4.) Mix the graham crackers and the bananas. You’re looking for a vaguely doughy consistency. Not dry, no, but dry enough that you can form a patty, a soft delicious patty. You don’t want the inside to dry out too much while frying.
5.) Mix in a couple dashes of cinnamon. I don’t use a whole lot. I guess you could put a little nutmeg if you were feeling crazy.
ALSO, we agreed that the recipe could use a dash of salt to balance it out. However, I’ve not yet experimented with the salt. Add at your own risk.
ALSO, one of the best desserts I ever had was cayenne caramel toast at the Delachaise in New Orleans. This dessert would support a dash of cayenne pepper very well. Don’t knock the idea until you’ve tried it.
6.) Once you’re all mixed and at the right consistency heat your skillet on medium and melt some butter in there.

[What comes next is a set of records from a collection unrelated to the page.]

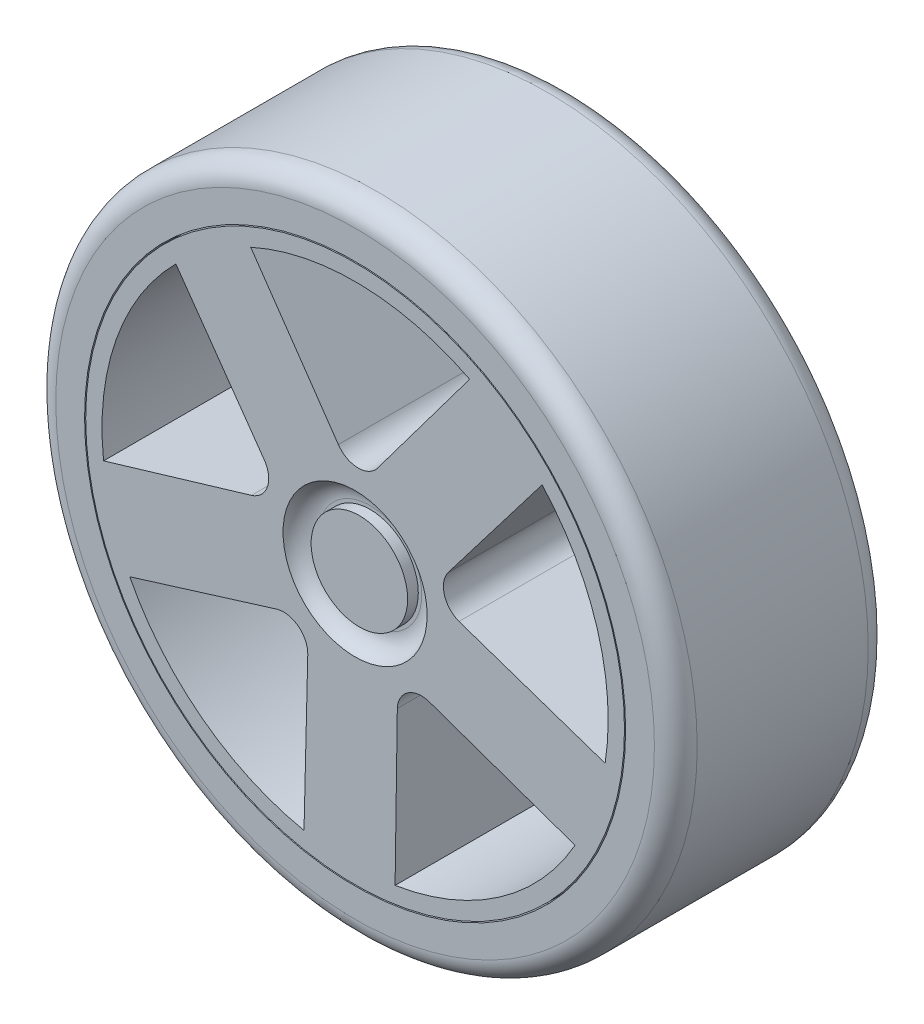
ISO-10303-21;
HEADER;
FILE_DESCRIPTION(('STEP AP214'),'2;1');
FILE_NAME('part.step','',(''),(''),'','','');
FILE_SCHEMA(('AUTOMOTIVE_DESIGN { 1 0 10303 214 1 1 1 1 }'));
ENDSEC;
DATA;
#1=APPLICATION_CONTEXT('core data for automotive mechanical design processes');
#2=APPLICATION_PROTOCOL_DEFINITION('international standard','automotive_design',2000,#1);
#3=PRODUCT_CONTEXT('',#1,'mechanical');
#4=PRODUCT('Part','Part','',(#3));
#5=PRODUCT_RELATED_PRODUCT_CATEGORY('part','',(#4));
#6=PRODUCT_DEFINITION_FORMATION('','',#4);
#7=PRODUCT_DEFINITION_CONTEXT('part definition',#1,'design');
#8=PRODUCT_DEFINITION('design','',#6,#7);
#9=PRODUCT_DEFINITION_SHAPE('','',#8);
#10=(LENGTH_UNIT() NAMED_UNIT(*) SI_UNIT(.MILLI.,.METRE.));
#11=(NAMED_UNIT(*) PLANE_ANGLE_UNIT() SI_UNIT($,.RADIAN.));
#12=(NAMED_UNIT(*) SI_UNIT($,.STERADIAN.) SOLID_ANGLE_UNIT());
#13=UNCERTAINTY_MEASURE_WITH_UNIT(LENGTH_MEASURE(1.E-05),#10,'distance_accuracy_value','');
#14=(GEOMETRIC_REPRESENTATION_CONTEXT(3) GLOBAL_UNCERTAINTY_ASSIGNED_CONTEXT((#13)) GLOBAL_UNIT_ASSIGNED_CONTEXT((#10,
#11,#12)) REPRESENTATION_CONTEXT('',''));
#15=CARTESIAN_POINT('',(0.,0.,0.));
#16=DIRECTION('',(0.,0.,1.));
#17=DIRECTION('',(1.,0.,0.));
#18=AXIS2_PLACEMENT_3D('',#15,#16,#17);
#19=CARTESIAN_POINT('',(0.,0.,25.4));
#20=DIRECTION('',(0.,0.,-1.));
#21=DIRECTION('',(-1.,0.,0.));
#22=AXIS2_PLACEMENT_3D('',#19,#20,#21);
#23=CYLINDRICAL_SURFACE('',#22,32.004);
#24=CARTESIAN_POINT('',(0.,0.,25.4));
#25=DIRECTION('',(0.,0.,1.));
#26=DIRECTION('',(1.,0.,0.));
#27=AXIS2_PLACEMENT_3D('',#24,#25,#26);
#28=CIRCLE('',#27,32.004);
#29=CARTESIAN_POINT('',(32.004,0.,25.4));
#30=VERTEX_POINT('',#29);
#31=EDGE_CURVE('E61',#30,#30,#28,.T.);
#32=ORIENTED_EDGE('',*,*,#31,.F.);
#33=EDGE_LOOP('',(#32));
#34=FACE_BOUND('',#33,.T.);
#35=CARTESIAN_POINT('',(0.,0.,0.));
#36=DIRECTION('',(0.,0.,1.));
#37=DIRECTION('',(1.,0.,0.));
#38=AXIS2_PLACEMENT_3D('',#35,#36,#37);
#39=CIRCLE('',#38,32.004);
#40=CARTESIAN_POINT('',(32.004,0.,0.));
#41=VERTEX_POINT('',#40);
#42=EDGE_CURVE('E401',#41,#41,#39,.T.);
#43=ORIENTED_EDGE('',*,*,#42,.T.);
#44=EDGE_LOOP('',(#43));
#45=FACE_BOUND('',#44,.T.);
#46=ADVANCED_FACE('F52',(#34,#45),#23,.T.);
#47=CARTESIAN_POINT('',(0.,0.,25.4));
#48=DIRECTION('',(0.,0.,1.));
#49=DIRECTION('',(1.,0.,0.));
#50=AXIS2_PLACEMENT_3D('',#47,#48,#49);
#51=PLANE('',#50);
#52=CARTESIAN_POINT('',(0.,0.,25.4));
#53=DIRECTION('',(0.,0.,1.));
#54=DIRECTION('',(1.,0.,0.));
#55=AXIS2_PLACEMENT_3D('',#52,#53,#54);
#56=CIRCLE('',#55,8.5593516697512);
#57=CARTESIAN_POINT('',(8.5593516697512,0.,25.4));
#58=VERTEX_POINT('',#57);
#59=EDGE_CURVE('E340',#58,#58,#56,.T.);
#60=ORIENTED_EDGE('',*,*,#59,.F.);
#61=EDGE_LOOP('',(#60));
#62=FACE_BOUND('',#61,.T.);
#63=CARTESIAN_POINT('',(0.,0.,25.4));
#64=DIRECTION('',(0.,0.,1.));
#65=DIRECTION('',(1.,0.,0.));
#66=AXIS2_PLACEMENT_3D('',#63,#64,#65);
#67=CIRCLE('',#66,30.0663789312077);
#68=CARTESIAN_POINT('',(-21.2941591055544,21.2260672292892,25.4));
#69=VERTEX_POINT('',#68);
#70=CARTESIAN_POINT('',(-29.8816345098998,-3.32792143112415,25.4));
#71=VERTEX_POINT('',#70);
#72=EDGE_CURVE('E68',#69,#71,#67,.T.);
#73=ORIENTED_EDGE('',*,*,#72,.F.);
#74=DIRECTION('',(-0.576069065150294,0.817401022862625,0.));
#75=VECTOR('',#74,1.);
#76=CARTESIAN_POINT('',(-10.7302632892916,6.236650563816,25.4));
#77=LINE('',#76,#75);
#78=CARTESIAN_POINT('',(-10.7302632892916,6.236650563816,25.4));
#79=VERTEX_POINT('',#78);
#80=EDGE_CURVE('E341',#79,#69,#77,.T.);
#81=ORIENTED_EDGE('',*,*,#80,.F.);
#82=CARTESIAN_POINT('',(-13.1276531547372,4.66047215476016,25.4));
#83=DIRECTION('',(0.,0.,1.));
#84=DIRECTION('',(1.,0.,0.));
#85=AXIS2_PLACEMENT_3D('',#82,#83,#84);
#86=CIRCLE('',#85,2.86911424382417);
#87=CARTESIAN_POINT('',(-12.3079916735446,1.91093190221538,25.4));
#88=VERTEX_POINT('',#87);
#89=EDGE_CURVE('E345',#88,#79,#86,.T.);
#90=ORIENTED_EDGE('',*,*,#89,.F.);
#91=DIRECTION('',(0.958323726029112,0.285684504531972,0.));
#92=VECTOR('',#91,1.);
#93=CARTESIAN_POINT('',(-29.8816345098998,-3.32792143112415,25.4));
#94=LINE('',#93,#92);
#95=EDGE_CURVE('E350',#71,#88,#94,.T.);
#96=ORIENTED_EDGE('',*,*,#95,.F.);
#97=EDGE_LOOP('',(#73,#81,#90,#96));
#98=FACE_BOUND('',#97,.T.);
#99=CARTESIAN_POINT('',(0.,0.,25.4));
#100=DIRECTION('',(0.,0.,1.));
#101=DIRECTION('',(1.,0.,0.));
#102=AXIS2_PLACEMENT_3D('',#99,#100,#101);
#103=CIRCLE('',#102,30.0663789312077);
#104=CARTESIAN_POINT('',(-26.7674465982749,-13.6927332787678,25.4));
#105=VERTEX_POINT('',#104);
#106=CARTESIAN_POINT('',(-6.06889152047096,-29.4475074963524,25.4));
#107=VERTEX_POINT('',#106);
#108=EDGE_CURVE('E76',#105,#107,#103,.T.);
#109=ORIENTED_EDGE('',*,*,#108,.F.);
#110=DIRECTION('',(-0.955409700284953,-0.295283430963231,0.));
#111=VECTOR('',#110,1.);
#112=CARTESIAN_POINT('',(-9.24724086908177,-8.27785581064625,25.4));
#113=LINE('',#112,#111);
#114=CARTESIAN_POINT('',(-9.24724086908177,-8.27785581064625,25.4));
#115=VERTEX_POINT('',#114);
#116=EDGE_CURVE('E298',#115,#105,#113,.T.);
#117=ORIENTED_EDGE('',*,*,#116,.F.);
#118=CARTESIAN_POINT('',(-8.48904033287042,-11.0449749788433,25.4));
#119=DIRECTION('',(0.,0.,1.));
#120=DIRECTION('',(1.,0.,0.));
#121=AXIS2_PLACEMENT_3D('',#118,#119,#120);
#122=CIRCLE('',#121,2.86911424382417);
#123=CARTESIAN_POINT('',(-5.62078283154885,-11.1150852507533,25.4));
#124=VERTEX_POINT('',#123);
#125=EDGE_CURVE('E302',#124,#115,#122,.T.);
#126=ORIENTED_EDGE('',*,*,#125,.F.);
#127=DIRECTION('',(0.02443620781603,0.999701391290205,0.));
#128=VECTOR('',#127,1.);
#129=CARTESIAN_POINT('',(-6.06889152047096,-29.4475074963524,25.4));
#130=LINE('',#129,#128);
#131=EDGE_CURVE('E307',#107,#124,#130,.T.);
#132=ORIENTED_EDGE('',*,*,#131,.F.);
#133=EDGE_LOOP('',(#109,#117,#126,#132));
#134=FACE_BOUND('',#133,.T.);
#135=CARTESIAN_POINT('',(0.,0.,25.4));
#136=DIRECTION('',(0.,0.,1.));
#137=DIRECTION('',(1.,0.,0.));
#138=AXIS2_PLACEMENT_3D('',#135,#136,#137);
#139=CIRCLE('',#138,30.0663789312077);
#140=CARTESIAN_POINT('',(4.75096731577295,-29.6886417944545,25.4));
#141=VERTEX_POINT('',#140);
#142=CARTESIAN_POINT('',(26.1308532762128,-14.8716390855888,25.4));
#143=VERTEX_POINT('',#142);
#144=EDGE_CURVE('E202',#141,#143,#139,.T.);
#145=ORIENTED_EDGE('',*,*,#144,.F.);
#146=DIRECTION('',(-0.0144066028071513,-0.999896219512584,0.));
#147=VECTOR('',#146,1.);
#148=CARTESIAN_POINT('',(5.01515413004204,-11.3526468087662,25.4));
#149=LINE('',#148,#147);
#150=CARTESIAN_POINT('',(5.01515413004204,-11.3526468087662,25.4));
#151=VERTEX_POINT('',#150);
#152=EDGE_CURVE('E256',#151,#141,#149,.T.);
#153=ORIENTED_EDGE('',*,*,#152,.F.);
#154=CARTESIAN_POINT('',(7.88113769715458,-11.4866420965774,25.4));
#155=DIRECTION('',(0.,0.,1.));
#156=DIRECTION('',(1.,0.,0.));
#157=AXIS2_PLACEMENT_3D('',#154,#155,#156);
#158=CIRCLE('',#157,2.86911424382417);
#159=CARTESIAN_POINT('',(8.8341568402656,-8.78043237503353,25.4));
#160=VERTEX_POINT('',#159);
#161=EDGE_CURVE('E260',#160,#151,#158,.T.);
#162=ORIENTED_EDGE('',*,*,#161,.F.);
#163=DIRECTION('',(-0.943221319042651,0.332164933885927,0.));
#164=VECTOR('',#163,1.);
#165=CARTESIAN_POINT('',(26.1308532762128,-14.8716390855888,25.4));
#166=LINE('',#165,#164);
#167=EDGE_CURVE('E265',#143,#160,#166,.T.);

7.) One banana divides into two patties very nicely, or three if you’re making tiny ones. Fry in butter on one side until solid and browned, then flip.
8.) When plating I dusted each one with a smidge of cinnamon and then drizzled lightly with honey.
9.) Mmmmmm. Bananacakes.
10.) Seriously.
I’ve gone back to wearing big headphones for music listening. It’s the way to go, I’m telling you. I forget why I ever stopped.
Oh hey speaking of forgetting I forgot to tell you that I finally shot my first wedding this weekend. I had wondered for a long time if wedding photography was something I could do, and by ‘could do’ I mean ‘could stomach doing for money’. I really really enjoyed this weekend’s shoot for one reason: now I know the answer is NO.
Don’t get me wrong, I had a good time there, I think I took some great photos, I like the bride and groom, etc. Later that night, though, after the wedding when I was getting ready to go out with friends I picked up my camera bag and it was just this disgusting heavy mass, this iron weight. I didn’t even want to look at it and that made me sad. Then editing the photos has been a chore – not bad, no, but just not something I want to do with my time. So that’s good! Now I won’t have any question about whether or not saying ‘no’ to a potential wedding gig is the right or wrong idea.
I still have several kinds of photography jobs in my head that I think would give me pleasure, let me exercise my creativity, and not hate my camera at the end of the day. Weddings just aren’t one of them.
Finally, I’ve not done anything interesting today except to pretend to tattoo myself which I can totally recommend as a hobby. You should try it. All the cool kids are doing it.